# Wie erstelle ich mit VB Spiele/Programme, ich brauche,,,



## Alexboy (26. Oktober 2007)

...dafür bitte Tipps, Codes... Danke schon mal


----------



## DrSoong (27. Oktober 2007)

Puh, wo soll man da anfangen ...

Erst mal denke ich, dass das Thema besser in den Coders-Talk passt, da du ja kein direktes VB-Problem ansprichst sondern grundlegende Dinge wissen willst.

Weiters stellt sich die Frage, wie weit du mit deinen VB-Kenntnissen bist. Ein Spiel erfordert doch gute Kenntnisse in VB und den APIs, Kreativität und auch Durchhaltevermögen. Denn bevor du die erste Zeile Code schreibst, musst du dir das Spiel bereits komplett skizziert haben.

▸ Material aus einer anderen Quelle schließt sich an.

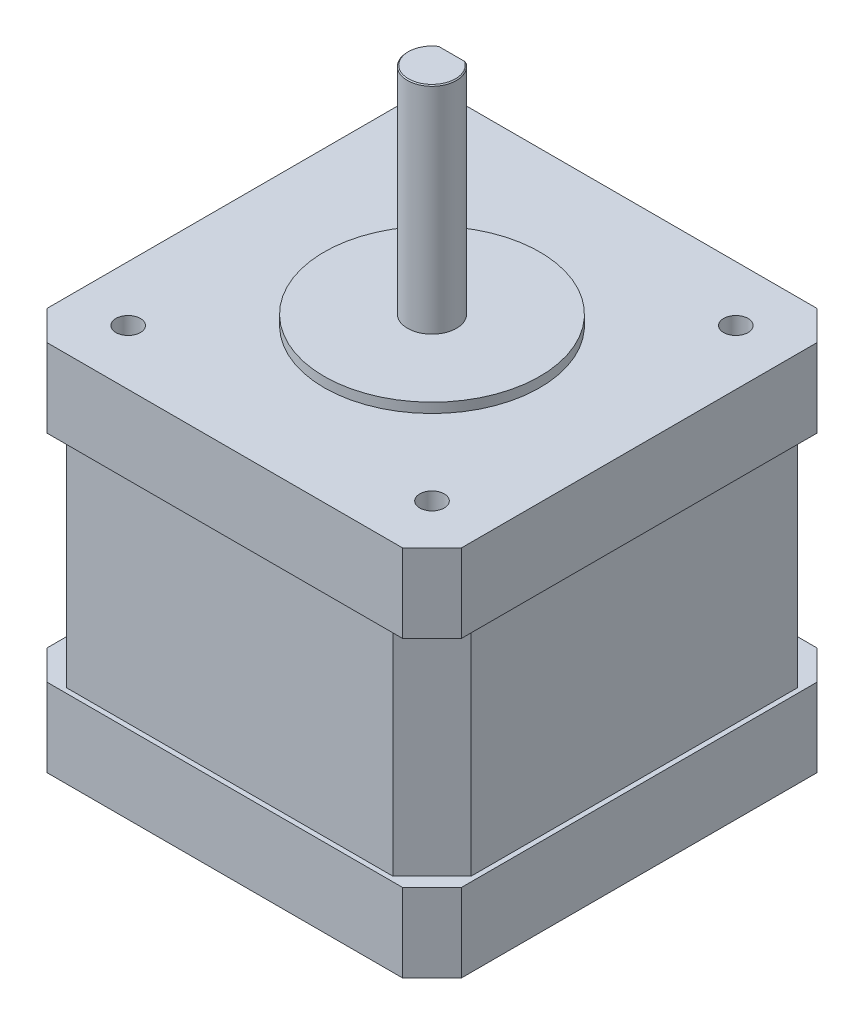
ISO-10303-21;
HEADER;
FILE_DESCRIPTION(('STEP AP214'),'2;1');
FILE_NAME('part.step','',(''),(''),'','','');
FILE_SCHEMA(('AUTOMOTIVE_DESIGN { 1 0 10303 214 1 1 1 1 }'));
ENDSEC;
DATA;
#1=APPLICATION_CONTEXT('core data for automotive mechanical design processes');
#2=APPLICATION_PROTOCOL_DEFINITION('international standard','automotive_design',2000,#1);
#3=PRODUCT_CONTEXT('',#1,'mechanical');
#4=PRODUCT('Part','Part','',(#3));
#5=PRODUCT_RELATED_PRODUCT_CATEGORY('part','',(#4));
#6=PRODUCT_DEFINITION_FORMATION('','',#4);
#7=PRODUCT_DEFINITION_CONTEXT('part definition',#1,'design');
#8=PRODUCT_DEFINITION('design','',#6,#7);
#9=PRODUCT_DEFINITION_SHAPE('','',#8);
#10=(LENGTH_UNIT() NAMED_UNIT(*) SI_UNIT(.MILLI.,.METRE.));
#11=(NAMED_UNIT(*) PLANE_ANGLE_UNIT() SI_UNIT($,.RADIAN.));
#12=(NAMED_UNIT(*) SI_UNIT($,.STERADIAN.) SOLID_ANGLE_UNIT());
#13=UNCERTAINTY_MEASURE_WITH_UNIT(LENGTH_MEASURE(1.E-05),#10,'distance_accuracy_value','');
#14=(GEOMETRIC_REPRESENTATION_CONTEXT(3) GLOBAL_UNCERTAINTY_ASSIGNED_CONTEXT((#13)) GLOBAL_UNIT_ASSIGNED_CONTEXT((#10,
#11,#12)) REPRESENTATION_CONTEXT('',''));
#15=CARTESIAN_POINT('',(0.,0.,0.));
#16=DIRECTION('',(0.,0.,1.));
#17=DIRECTION('',(1.,0.,0.));
#18=AXIS2_PLACEMENT_3D('',#15,#16,#17);
#19=CARTESIAN_POINT('',(-21.15,0.928932188134522,-16.15));
#20=DIRECTION('',(0.707106781186547,0.,0.707106781186548));
#21=DIRECTION('',(0.707106781186548,0.,-0.707106781186547));
#22=AXIS2_PLACEMENT_3D('',#19,#20,#21);
#23=PLANE('',#22);
#24=DIRECTION('',(0.,1.,0.));
#25=VECTOR('',#24,1.);
#26=CARTESIAN_POINT('',(-16.6499999999999,0.928932188134522,-20.6500000000001));
#27=LINE('',#26,#25);
#28=CARTESIAN_POINT('',(-16.6499999999999,7.99999969954202,-20.6500000000001));
#29=VERTEX_POINT('',#28);
#30=CARTESIAN_POINT('',(-16.6499999999999,30.,-20.6500000000001));
#31=VERTEX_POINT('',#30);
#32=EDGE_CURVE('E566',#29,#31,#27,.T.);
#33=ORIENTED_EDGE('',*,*,#32,.F.);
#34=DIRECTION('',(-0.707106781186548,0.,0.707106781186547));
#35=VECTOR('',#34,1.);
#36=CARTESIAN_POINT('',(-21.15,8.,-16.15));
#37=LINE('',#36,#35);
#38=CARTESIAN_POINT('',(-20.65,7.99999969954202,-16.65));
#39=VERTEX_POINT('',#38);
#40=EDGE_CURVE('E275',#29,#39,#37,.T.);
#41=ORIENTED_EDGE('',*,*,#40,.T.);
#42=DIRECTION('',(0.,-1.,0.));
#43=VECTOR('',#42,1.);
#44=CARTESIAN_POINT('',(-20.65,0.928932188134522,-16.65));
#45=LINE('',#44,#43);
#46=CARTESIAN_POINT('',(-20.65,30.,-16.65));
#47=VERTEX_POINT('',#46);
#48=EDGE_CURVE('E576',#47,#39,#45,.T.);
#49=ORIENTED_EDGE('',*,*,#48,.F.);
#50=DIRECTION('',(0.707106781186548,0.,-0.707106781186547));
#51=VECTOR('',#50,1.);
#52=CARTESIAN_POINT('',(-21.15,30.,-16.15));
#53=LINE('',#52,#51);
#54=EDGE_CURVE('E278',#47,#31,#53,.T.);
#55=ORIENTED_EDGE('',*,*,#54,.T.);
#56=EDGE_LOOP('',(#33,#41,#49,#55));
#57=FACE_BOUND('',#56,.T.);
#58=ADVANCED_FACE('F47',(#57),#23,.F.);
#59=CARTESIAN_POINT('',(-18.65,8.00000000000001,18.65));
#60=DIRECTION('',(0.707106781186548,0.,-0.707106781186548));
#61=DIRECTION('',(-0.707106781186548,0.,-0.707106781186548));
#62=AXIS2_PLACEMENT_3D('',#59,#60,#61);
#63=PLANE('',#62);
#64=DIRECTION('',(0.,-1.,0.));
#65=VECTOR('',#64,1.);
#66=CARTESIAN_POINT('',(-16.6500000000002,8.00000000000001,20.6499999999998));
#67=LINE('',#66,#65);
#68=CARTESIAN_POINT('',(-16.6500000000002,30.,20.6499999999998));
#69=VERTEX_POINT('',#68);
#70=CARTESIAN_POINT('',(-16.6500000000002,7.99999969954202,20.6499999999998));
#71=VERTEX_POINT('',#70);
#72=EDGE_CURVE('E236',#69,#71,#67,.T.);
#73=ORIENTED_EDGE('',*,*,#72,.F.);
#74=DIRECTION('',(-0.707106781186548,0.,-0.707106781186548));
#75=VECTOR('',#74,1.);
#76=CARTESIAN_POINT('',(-18.65,30.,18.65));
#77=LINE('',#76,#75);
#78=CARTESIAN_POINT('',(-20.65,30.,16.65));
#79=VERTEX_POINT('',#78);
#80=EDGE_CURVE('E248',#69,#79,#77,.T.);
#81=ORIENTED_EDGE('',*,*,#80,.T.);
#82=DIRECTION('',(0.,1.,0.));
#83=VECTOR('',#82,1.);
#84=CARTESIAN_POINT('',(-20.65,8.00000000000001,16.65));
#85=LINE('',#84,#83);
#86=CARTESIAN_POINT('',(-20.65,8.00000000000001,16.65));
#87=VERTEX_POINT('',#86);
#88=EDGE_CURVE('E573',#87,#79,#85,.T.);
#89=ORIENTED_EDGE('',*,*,#88,.F.);
#90=DIRECTION('',(-0.707106781186548,0.,-0.707106781186548));
#91=VECTOR('',#90,1.);
#92=CARTESIAN_POINT('',(-18.65,8.00000000000001,18.65));
#93=LINE('',#92,#91);
#94=EDGE_CURVE('E279',#71,#87,#93,.T.);
#95=ORIENTED_EDGE('',*,*,#94,.F.);
#96=EDGE_LOOP('',(#73,#81,#89,#95));
#97=FACE_BOUND('',#96,.T.);
#98=ADVANCED_FACE('F427',(#97),#63,.F.);
#99=CARTESIAN_POINT('',(-21.15,8.,-21.15));
#100=DIRECTION('',(0.,0.,1.));
#101=DIRECTION('',(1.,0.,0.));
#102=AXIS2_PLACEMENT_3D('',#99,#100,#101);
#103=PLANE('',#102);
#104=DIRECTION('',(0.,-1.,0.));
#105=VECTOR('',#104,1.);
#106=CARTESIAN_POINT('',(18.15,38.,-21.15));
#107=LINE('',#106,#105);
#108=CARTESIAN_POINT('',(18.15,38.,-21.15));
#109=VERTEX_POINT('',#108);
#110=CARTESIAN_POINT('',(18.15,30.,-21.15));
#111=VERTEX_POINT('',#110);
#112=EDGE_CURVE('E320',#109,#111,#107,.T.);
#113=ORIENTED_EDGE('',*,*,#112,.T.);
#114=DIRECTION('',(-1.,0.,0.));
#115=VECTOR('',#114,1.);
#116=CARTESIAN_POINT('',(-16.15,30.,-21.15));
#117=LINE('',#116,#115);
#118=CARTESIAN_POINT('',(-18.15,30.,-21.15));
#119=VERTEX_POINT('',#118);
#120=EDGE_CURVE('E272',#111,#119,#117,.T.);
#121=ORIENTED_EDGE('',*,*,#120,.T.);
#122=DIRECTION('',(0.,-1.,0.));
#123=VECTOR('',#122,1.);
#124=CARTESIAN_POINT('',(-18.15,38.,-21.15));
#125=LINE('',#124,#123);
#126=CARTESIAN_POINT('',(-18.15,38.,-21.15));
#127=VERTEX_POINT('',#126);
#128=EDGE_CURVE('E317',#127,#119,#125,.T.);
#129=ORIENTED_EDGE('',*,*,#128,.F.);
#130=DIRECTION('',(-1.,0.,0.));
#131=VECTOR('',#130,1.);
#132=CARTESIAN_POINT('',(18.15,38.,-21.15));
#133=LINE('',#132,#131);
#134=EDGE_CURVE('E298',#109,#127,#133,.T.);
#135=ORIENTED_EDGE('',*,*,#134,.F.);
#136=EDGE_LOOP('',(#113,#121,#129,#135));
#137=FACE_BOUND('',#136,.T.);
#138=ADVANCED_FACE('F430',(#137),#103,.F.);
#139=CARTESIAN_POINT('',(21.15,8.,-21.15));
#140=DIRECTION('',(-1.,0.,0.));
#141=DIRECTION('',(0.,0.,1.));
#142=AXIS2_PLACEMENT_3D('',#139,#140,#141);
#143=PLANE('',#142);
#144=DIRECTION('',(0.,0.,-1.));
#145=VECTOR('',#144,1.);
#146=CARTESIAN_POINT('',(21.15,30.,0.));
#147=LINE('',#146,#145);
#148=CARTESIAN_POINT('',(21.15,30.,18.15));
#149=VERTEX_POINT('',#148);
#150=CARTESIAN_POINT('',(21.15,30.,-18.15));
#151=VERTEX_POINT('',#150);
#152=EDGE_CURVE('E255',#149,#151,#147,.T.);
#153=ORIENTED_EDGE('',*,*,#152,.T.);
#154=DIRECTION('',(0.,-1.,0.));
#155=VECTOR('',#154,1.);
#156=CARTESIAN_POINT('',(21.15,38.,-18.15));
#157=LINE('',#156,#155);
#158=CARTESIAN_POINT('',(21.15,38.,-18.15));
#159=VERTEX_POINT('',#158);
#160=EDGE_CURVE('E323',#159,#151,#157,.T.);
#161=ORIENTED_EDGE('',*,*,#160,.F.);
#162=DIRECTION('',(0.,0.,-1.));
#163=VECTOR('',#162,1.);
#164=CARTESIAN_POINT('',(21.15,38.,18.15));
#165=LINE('',#164,#163);
#166=CARTESIAN_POINT('',(21.15,38.,18.15));
#167=VERTEX_POINT('',#166);
#168=EDGE_CURVE('E294',#167,#159,#165,.T.);
#169=ORIENTED_EDGE('',*,*,#168,.F.);
#170=DIRECTION('',(0.,-1.,0.));
#171=VECTOR('',#170,1.);
#172=CARTESIAN_POINT('',(21.15,38.,18.15));
#173=LINE('',#172,#171);
#174=EDGE_CURVE('E326',#167,#149,#173,.T.);
#175=ORIENTED_EDGE('',*,*,#174,.T.);
#176=EDGE_LOOP('',(#153,#161,#169,#175));
#177=FACE_BOUND('',#176,.T.);
#178=ADVANCED_FACE('F490',(#177),#143,.F.);
#179=CARTESIAN_POINT('',(-21.15,8.,21.15));
#180=DIRECTION('',(0.,0.,-1.));
#181=DIRECTION('',(-1.,0.,0.));
#182=AXIS2_PLACEMENT_3D('',#179,#180,#181);
#183=PLANE('',#182);
#184=DIRECTION('',(1.,0.,0.));
#185=VECTOR('',#184,1.);
#186=CARTESIAN_POINT('',(0.,30.,21.15));
#187=LINE('',#186,#185);
#188=CARTESIAN_POINT('',(-18.15,30.,21.15));
#189=VERTEX_POINT('',#188);
#190=CARTESIAN_POINT('',(18.15,30.,21.15));
#191=VERTEX_POINT('',#190);
#192=EDGE_CURVE('E540',#189,#191,#187,.T.);
#193=ORIENTED_EDGE('',*,*,#192,.T.);
#194=DIRECTION('',(0.,-1.,0.));
#195=VECTOR('',#194,1.);
#196=CARTESIAN_POINT('',(18.15,38.,21.15));
#197=LINE('',#196,#195);
#198=CARTESIAN_POINT('',(18.15,38.,21.15));
#199=VERTEX_POINT('',#198);
#200=EDGE_CURVE('E329',#199,#191,#197,.T.);
#201=ORIENTED_EDGE('',*,*,#200,.F.);
#202=DIRECTION('',(1.,0.,0.));
#203=VECTOR('',#202,1.);
#204=CARTESIAN_POINT('',(-18.15,38.,21.15));
#205=LINE('',#204,#203);
#206=CARTESIAN_POINT('',(-18.15,38.,21.15));
#207=VERTEX_POINT('',#206);
#208=EDGE_CURVE('E289',#207,#199,#205,.T.);
#209=ORIENTED_EDGE('',*,*,#208,.F.);
#210=DIRECTION('',(0.,-1.,0.));
#211=VECTOR('',#210,1.);
#212=CARTESIAN_POINT('',(-18.15,38.,21.15));
#213=LINE('',#212,#211);
#214=EDGE_CURVE('E332',#207,#189,#213,.T.);
#215=ORIENTED_EDGE('',*,*,#214,.T.);
#216=EDGE_LOOP('',(#193,#201,#209,#215));
#217=FACE_BOUND('',#216,.T.);
#218=ADVANCED_FACE('F438',(#217),#183,.F.);
#219=CARTESIAN_POINT('',(18.65,8.00000000000001,-18.65));
#220=DIRECTION('',(-0.707106781186546,0.,0.707106781186549));
#221=DIRECTION('',(0.707106781186549,0.,0.707106781186546));
#222=AXIS2_PLACEMENT_3D('',#219,#220,#221);
#223=PLANE('',#222);
#224=DIRECTION('',(0.,-1.,0.));
#225=VECTOR('',#224,1.);
#226=CARTESIAN_POINT('',(16.65,8.00000000000001,-20.6499999999999));
#227=LINE('',#226,#225);
#228=CARTESIAN_POINT('',(16.65,30.,-20.6499999999999));
#229=VERTEX_POINT('',#228);
#230=CARTESIAN_POINT('',(16.65,8.00000000000001,-20.6499999999999));
#231=VERTEX_POINT('',#230);
#232=EDGE_CURVE('E563',#229,#231,#227,.T.);
#233=ORIENTED_EDGE('',*,*,#232,.F.);
#234=DIRECTION('',(0.707106781186549,0.,0.707106781186546));
#235=VECTOR('',#234,1.);
#236=CARTESIAN_POINT('',(18.65,30.,-18.65));
#237=LINE('',#236,#235);
#238=CARTESIAN_POINT('',(20.65,30.,-16.65));
#239=VERTEX_POINT('',#238);
#240=EDGE_CURVE('E265',#229,#239,#237,.T.);
#241=ORIENTED_EDGE('',*,*,#240,.T.);
#242=DIRECTION('',(0.,1.,0.));
#243=VECTOR('',#242,1.);
#244=CARTESIAN_POINT('',(20.65,8.00000000000001,-16.65));
#245=LINE('',#244,#243);
#246=CARTESIAN_POINT('',(20.65,7.99999969954202,-16.65));
#247=VERTEX_POINT('',#246);
#248=EDGE_CURVE('E561',#247,#239,#245,.T.);
#249=ORIENTED_EDGE('',*,*,#248,.F.);
#250=DIRECTION('',(0.707106781186549,0.,0.707106781186546));
#251=VECTOR('',#250,1.);
#252=CARTESIAN_POINT('',(18.65,8.00000000000001,-18.65));
#253=LINE('',#252,#251);
#254=EDGE_CURVE('E259',#231,#247,#253,.T.);
#255=ORIENTED_EDGE('',*,*,#254,.F.);
#256=EDGE_LOOP('',(#233,#241,#249,#255));
#257=FACE_BOUND('',#256,.T.);
#258=ADVANCED_FACE('F435',(#257),#223,.F.);
#259=CARTESIAN_POINT('',(18.65,8.00000000000001,18.65));
#260=DIRECTION('',(0.707106781186549,0.,0.707106781186546));
#261=DIRECTION('',(0.707106781186546,0.,-0.707106781186549));
#262=AXIS2_PLACEMENT_3D('',#259,#260,#261);
#263=PLANE('',#262);
#264=DIRECTION('',(0.707106781186546,0.,-0.707106781186549));
#265=VECTOR('',#264,1.);
#266=CARTESIAN_POINT('',(18.65,8.00000000000001,18.65));
#267=LINE('',#266,#265);
#268=CARTESIAN_POINT('',(16.6499999999998,8.00000000000001,20.6500000000002));
#269=VERTEX_POINT('',#268);
#270=CARTESIAN_POINT('',(20.65,7.99999969954202,16.65));
#271=VERTEX_POINT('',#270);
#272=EDGE_CURVE('E257',#269,#271,#267,.T.);
#273=ORIENTED_EDGE('',*,*,#272,.T.);
#274=DIRECTION('',(0.,1.,0.));
#275=VECTOR('',#274,1.);
#276=CARTESIAN_POINT('',(20.65,8.00000000000001,16.65));
#277=LINE('',#276,#275);
#278=CARTESIAN_POINT('',(20.65,30.,16.65));
#279=VERTEX_POINT('',#278);
#280=EDGE_CURVE('E253',#271,#279,#277,.T.);
#281=ORIENTED_EDGE('',*,*,#280,.T.);
#282=DIRECTION('',(0.707106781186546,0.,-0.707106781186549));
#283=VECTOR('',#282,1.);
#284=CARTESIAN_POINT('',(18.65,30.,18.65));
#285=LINE('',#284,#283);
#286=CARTESIAN_POINT('',(16.6499999999998,30.,20.6500000000002));
#287=VERTEX_POINT('',#286);
#288=EDGE_CURVE('E246',#287,#279,#285,.T.);
#289=ORIENTED_EDGE('',*,*,#288,.F.);
#290=DIRECTION('',(0.,-1.,0.));
#291=VECTOR('',#290,1.);
#292=CARTESIAN_POINT('',(16.6499999999998,8.00000000000001,20.6500000000002));
#293=LINE('',#292,#291);
#294=EDGE_CURVE('E225',#287,#269,#293,.T.);
#295=ORIENTED_EDGE('',*,*,#294,.T.);
#296=EDGE_LOOP('',(#273,#281,#289,#295));
#297=FACE_BOUND('',#296,.T.);
#298=ADVANCED_FACE('F252',(#297),#263,.T.);
#299=CARTESIAN_POINT('',(-21.15,8.,-21.15));
#300=DIRECTION('',(1.,0.,0.));
#301=DIRECTION('',(0.,0.,-1.));
#302=AXIS2_PLACEMENT_3D('',#299,#300,#301);
#303=PLANE('',#302);
#304=DIRECTION('',(0.,0.,1.));
#305=VECTOR('',#304,1.);
#306=CARTESIAN_POINT('',(-21.15,30.,-21.15));
#307=LINE('',#306,#305);
#308=CARTESIAN_POINT('',(-21.15,30.,-18.15));
#309=VERTEX_POINT('',#308);
#310=CARTESIAN_POINT('',(-21.15,30.,18.15));
#311=VERTEX_POINT('',#310);
#312=EDGE_CURVE('E276',#309,#311,#307,.T.);
#313=ORIENTED_EDGE('',*,*,#312,.T.);
#314=DIRECTION('',(0.,-1.,0.));
#315=VECTOR('',#314,1.);
#316=CARTESIAN_POINT('',(-21.15,38.,18.15));
#317=LINE('',#316,#315);
#318=CARTESIAN_POINT('',(-21.15,38.,18.15));
#319=VERTEX_POINT('',#318);
#320=EDGE_CURVE('E304',#319,#311,#317,.T.);
#321=ORIENTED_EDGE('',*,*,#320,.F.);
#322=DIRECTION('',(0.,0.,1.));
#323=VECTOR('',#322,1.);
#324=CARTESIAN_POINT('',(-21.15,38.,-18.15));
#325=LINE('',#324,#323);
#326=CARTESIAN_POINT('',(-21.15,38.,-18.15));
#327=VERTEX_POINT('',#326);
#328=EDGE_CURVE('E302',#327,#319,#325,.T.);
#329=ORIENTED_EDGE('',*,*,#328,.F.);
#330=DIRECTION('',(0.,-1.,0.));
#331=VECTOR('',#330,1.);
#332=CARTESIAN_POINT('',(-21.15,38.,-18.15));
#333=LINE('',#332,#331);
#334=EDGE_CURVE('E314',#327,#309,#333,.T.);
#335=ORIENTED_EDGE('',*,*,#334,.T.);
#336=EDGE_LOOP('',(#313,#321,#329,#335));
#337=FACE_BOUND('',#336,.T.);
#338=ADVANCED_FACE('F434',(#337),#303,.F.);
#339=DIRECTION('',(1.,0.,0.));
#340=VECTOR('',#339,1.);
#341=CARTESIAN_POINT('',(-16.15,8.,-21.15));
#342=LINE('',#341,#340);
#343=CARTESIAN_POINT('',(-18.15,8.,-21.15));
#344=VERTEX_POINT('',#343);
#345=CARTESIAN_POINT('',(18.15,8.00000000000001,-21.15));
#346=VERTEX_POINT('',#345);
#347=EDGE_CURVE('E269',#344,#346,#342,.T.);
#348=ORIENTED_EDGE('',*,*,#347,.T.);
#349=DIRECTION('',(0.,-1.,0.));
#350=VECTOR('',#349,1.);
#351=CARTESIAN_POINT('',(18.15,8.,-21.15));
#352=LINE('',#351,#350);
#353=CARTESIAN_POINT('',(18.15,0.,-21.15));
#354=VERTEX_POINT('',#353);
#355=EDGE_CURVE('E361',#346,#354,#352,.T.);
#356=ORIENTED_EDGE('',*,*,#355,.T.);
#357=DIRECTION('',(-1.,0.,0.));
#358=VECTOR('',#357,1.);
#359=CARTESIAN_POINT('',(-21.15,0.,-21.15));
#360=LINE('',#359,#358);
#361=CARTESIAN_POINT('',(-18.15,0.,-21.15));
#362=VERTEX_POINT('',#361);
#363=EDGE_CURVE('E338',#354,#362,#360,.T.);
#364=ORIENTED_EDGE('',*,*,#363,.T.);
#365=DIRECTION('',(0.,1.,0.));
#366=VECTOR('',#365,1.);
#367=CARTESIAN_POINT('',(-18.15,8.,-21.15));
#368=LINE('',#367,#366);
#369=EDGE_CURVE('E364',#362,#344,#368,.T.);
#370=ORIENTED_EDGE('',*,*,#369,.T.);
#371=EDGE_LOOP('',(#348,#356,#364,#370));
#372=FACE_BOUND('',#371,.T.);
#373=ADVANCED_FACE('F482',(#372),#103,.F.);
#374=DIRECTION('',(0.,1.,0.));
#375=VECTOR('',#374,1.);
#376=CARTESIAN_POINT('',(-21.15,8.,18.15));
#377=LINE('',#376,#375);
#378=CARTESIAN_POINT('',(-21.15,0.,18.15));
#379=VERTEX_POINT('',#378);
#380=CARTESIAN_POINT('',(-21.15,8.00000000000001,18.15));
#381=VERTEX_POINT('',#380);
#382=EDGE_CURVE('E347',#379,#381,#377,.T.);
#383=ORIENTED_EDGE('',*,*,#382,.T.);
#384=DIRECTION('',(0.,0.,-1.));
#385=VECTOR('',#384,1.);
#386=CARTESIAN_POINT('',(-21.15,8.,-21.15));
#387=LINE('',#386,#385);
#388=CARTESIAN_POINT('',(-21.15,8.,-18.15));
#389=VERTEX_POINT('',#388);
#390=EDGE_CURVE('E271',#381,#389,#387,.T.);
#391=ORIENTED_EDGE('',*,*,#390,.T.);
#392=DIRECTION('',(0.,-1.,0.));
#393=VECTOR('',#392,1.);
#394=CARTESIAN_POINT('',(-21.15,8.,-18.15));
#395=LINE('',#394,#393);
#396=CARTESIAN_POINT('',(-21.15,0.,-18.15));
#397=VERTEX_POINT('',#396);
#398=EDGE_CURVE('E350',#389,#397,#395,.T.);
#399=ORIENTED_EDGE('',*,*,#398,.T.);
#400=DIRECTION('',(0.,0.,1.));
#401=VECTOR('',#400,1.);
#402=CARTESIAN_POINT('',(-21.15,0.,-21.15));
#403=LINE('',#402,#401);
#404=EDGE_CURVE('E341',#397,#379,#403,.T.);
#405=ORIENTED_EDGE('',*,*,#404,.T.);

Überleg dir, was du genau machen willst (bzw. was für ein Spiel das sein soll), überleg dir die technischen und inhaltlichen Details und dann vergleiche, ob du in VB so weit bist, dass du 99% auch ohne fremde Hilfe schaffen kannst. Sonst hat das ganze keinen Sinn, so manche Frage ließe sich hier im Forum sicher lösen aber wir schreiben dir kein komplettes Spiel (Maximum hier).


Der Doc!


----------